‘Seers’ possess the capacity to foresee and manipulate the future. As such, they perform an important role within pastoral communities as interlocutors with the divine. They advise elders in decision-making on security, raiding and war making, peacemaking, and migratory movement of people and livestock. In these roles, engagement with seers - or at least recognition of their importance - is critical in any effort to build greater regional peace and stability in the Karamoja Cluster region. However, many government officials and NGOs operating there are quick to dismiss them as charlatans, or whatever it may be, and marginalise these influential people, limiting the amount of knowledge seers might share in regional peace and stability initiatives. I was once told by a field coordinator of an international NGO that Google will render seers obsolete.
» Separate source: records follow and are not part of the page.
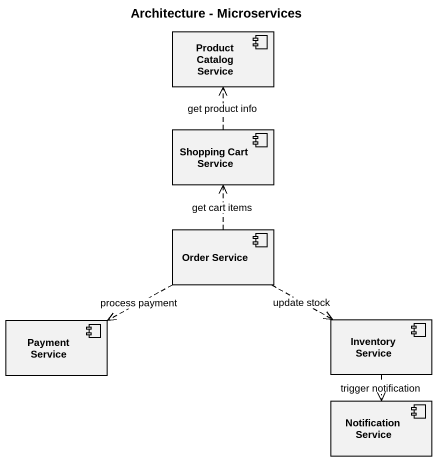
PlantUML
@startuml
title Architecture - Microservices
component "Product Catalog Service" as Product_Catalog_Service
component "Shopping Cart Service" as Shopping_Cart_Service
component "Order Service" as Order_Service
component "Payment Service" as Payment_Service
component "Inventory Service" as Inventory_Service
component "Notification Service" as Notification_Service
Shopping_Cart_Service .up.> Product_Catalog_Service : get product info
Order_Service .up.> Shopping_Cart_Service : get cart items
Order_Service .left.> Payment_Service : process payment
Order_Service .right.> Inventory_Service : update stock
Inventory_Service ..> Notification_Service : trigger notification
@enduml
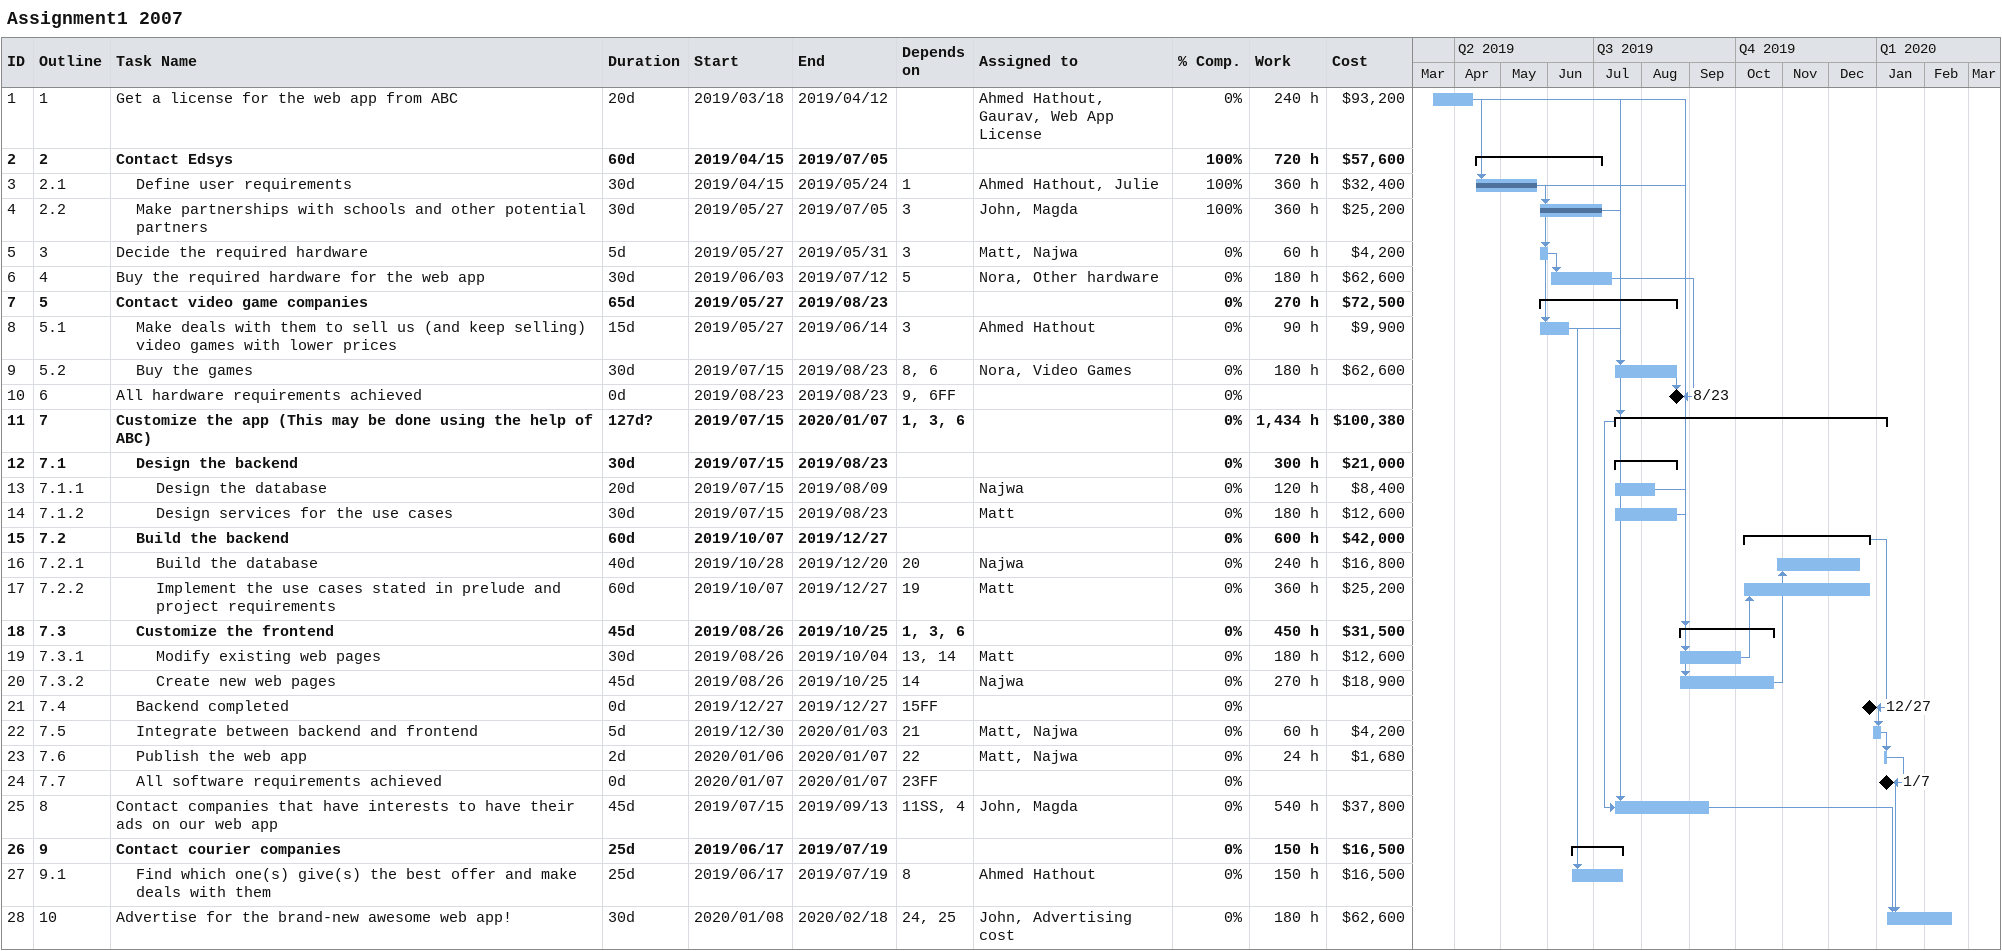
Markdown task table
Assignment1 2007

| ID | WBS | Task | Duration | Start | Finish | Predecessors | Resources | % complete | Work (h) | Cost ($) |
|---|---|---|---|---|---|---|---|---|---|---|
| 1 | 1 | Get a license for the web app from ABC | 20d | 2019-03-18 | 2019-04-12 |  | Ahmed Hathout, Gaurav, Web App License | 0 | 240 | 93200 |
| 2 | 2 | **Contact Edsys** | 60d | 2019-04-15 | 2019-07-05 |  |  | 100 | 720 | 57600 |
| 3 | 2.1 | Define user requirements | 30d | 2019-04-15 | 2019-05-24 | 1 | Ahmed Hathout, Julie | 100 | 360 | 32400 |
| 4 | 2.2 | Make partnerships with schools and other potential partners | 30d | 2019-05-27 | 2019-07-05 | 3 | John, Magda | 100 | 360 | 25200 |
| 5 | 3 | Decide the required hardware | 5d | 2019-05-27 | 2019-05-31 | 3 | Matt, Najwa | 0 | 60 | 4200 |
| 6 | 4 | Buy the required hardware for the web app | 30d | 2019-06-03 | 2019-07-12 | 5 | Nora, Other hardware | 0 | 180 | 62600 |
| 7 | 5 | **Contact video game companies** | 65d | 2019-05-27 | 2019-08-23 |  |  | 0 | 270 | 72500 |
| 8 | 5.1 | Make deals with them to sell us (and keep selling) video games with lower prices | 15d | 2019-05-27 | 2019-06-14 | 3 | Ahmed Hathout | 0 | 90 | 9900 |
| 9 | 5.2 | Buy the games | 30d | 2019-07-15 | 2019-08-23 | 8, 6 | Nora, Video Games | 0 | 180 | 62600 |
| 10 | 6 | All hardware requirements achieved | 0d | 2019-08-23 | 2019-08-23 | 9, 6FF |  | 0 |  |  |
| 11 | 7 | **Customize the app (This may be done using the help of ABC)** | 127d? | 2019-07-15 | 2020-01-07 | 1, 3, 6 |  | 0 | 1434 | 100380 |
| 12 | 7.1 | **Design the backend** | 30d | 2019-07-15 | 2019-08-23 |  |  | 0 | 300 | 21000 |
| 13 | 7.1.1 | Design the database | 20d | 2019-07-15 | 2019-08-09 |  | Najwa | 0 | 120 | 8400 |
| 14 | 7.1.2 | Design services for the use cases | 30d | 2019-07-15 | 2019-08-23 |  | Matt | 0 | 180 | 12600 |
| 15 | 7.2 | **Build the backend** | 60d | 2019-10-07 | 2019-12-27 |  |  | 0 | 600 | 42000 |
| 16 | 7.2.1 | Build the database | 40d | 2019-10-28 | 2019-12-20 | 20 | Najwa | 0 | 240 | 16800 |
| 17 | 7.2.2 | Implement the use cases stated in prelude and project requirements | 60d | 2019-10-07 | 2019-12-27 | 19 | Matt | 0 | 360 | 25200 |
| 18 | 7.3 | **Customize the frontend** | 45d | 2019-08-26 | 2019-10-25 | 1, 3, 6 |  | 0 | 450 | 31500 |
| 19 | 7.3.1 | Modify existing web pages | 30d | 2019-08-26 | 2019-10-04 | 13, 14 | Matt | 0 | 180 | 12600 |
| 20 | 7.3.2 | Create new web pages | 45d | 2019-08-26 | 2019-10-25 | 14 | Najwa | 0 | 270 | 18900 |
| 21 | 7.4 | Backend completed | 0d | 2019-12-27 | 2019-12-27 | 15FF |  | 0 |  |  |
| 22 | 7.5 | Integrate between backend and frontend | 5d | 2019-12-30 | 2020-01-03 | 21 | Matt, Najwa | 0 | 60 | 4200 |
| 23 | 7.6 | Publish the web app | 2d | 2020-01-06 | 2020-01-07 | 22 | Matt, Najwa | 0 | 24 | 1680 |
| 24 | 7.7 | All software requirements achieved | 0d | 2020-01-07 | 2020-01-07 | 23FF |  | 0 |  |  |
| 25 | 8 | Contact companies that have interests to have their ads on our web app | 45d | 2019-07-15 | 2019-09-13 | 11SS, 4 | John, Magda | 0 | 540 | 37800 |
| 26 | 9 | **Contact courier companies** | 25d | 2019-06-17 | 2019-07-19 |  |  | 0 | 150 | 16500 |
| 27 | 9.1 | Find which one(s) give(s) the best offer and make deals with them | 25d | 2019-06-17 | 2019-07-19 | 8 | Ahmed Hathout | 0 | 150 | 16500 |
| 28 | 10 | Advertise for the brand-new awesome web app! | 30d | 2020-01-08 | 2020-02-18 | 24, 25 | John, Advertising cost | 0 | 180 | 62600 |

He, and many others, fail to understand something rather simple: people will do as seers advise, whether right or wrong, whether it's predicting enemy raids or diagnosing ailments. Like a cow that no longer gives milk, a seer will be left alone if he/she fails to deliver results and maintain trust.
Over a period of two years, my research in the Karamoja region included a photo-documentary component to capture and try to better understand how seers do their 'seeing' in effort to shed light on the complex nature of their relationships with other tribal groups, both friend and foe. To complement the findings of the written work, I incorporated a photography component to illustrate the daily activities of seers and other members of their communities to draw attention to the environmental and economic challenges that many face today. It is these environmental and economic challenges that spur some of the armed conflict in the region at present.
Following the initial phase of the research, I constructed a mobile exhibit and returned to the areas from where the photographs were taken to facilitate community dialogue about the work's findings and stimulate discussion about their own perspectives on peace, security and other challenges. Images of those exhibits are found within this site.
For nearly all of the people who experienced the exhibits, it was there first time seeing such a thing, photographs of themselves. For many, it was the first time to look into the eyes of their perceived enemies, for as long as they chose to, and see people from groups the seldom, if ever, actually interact with, despite living only mere kilometers away.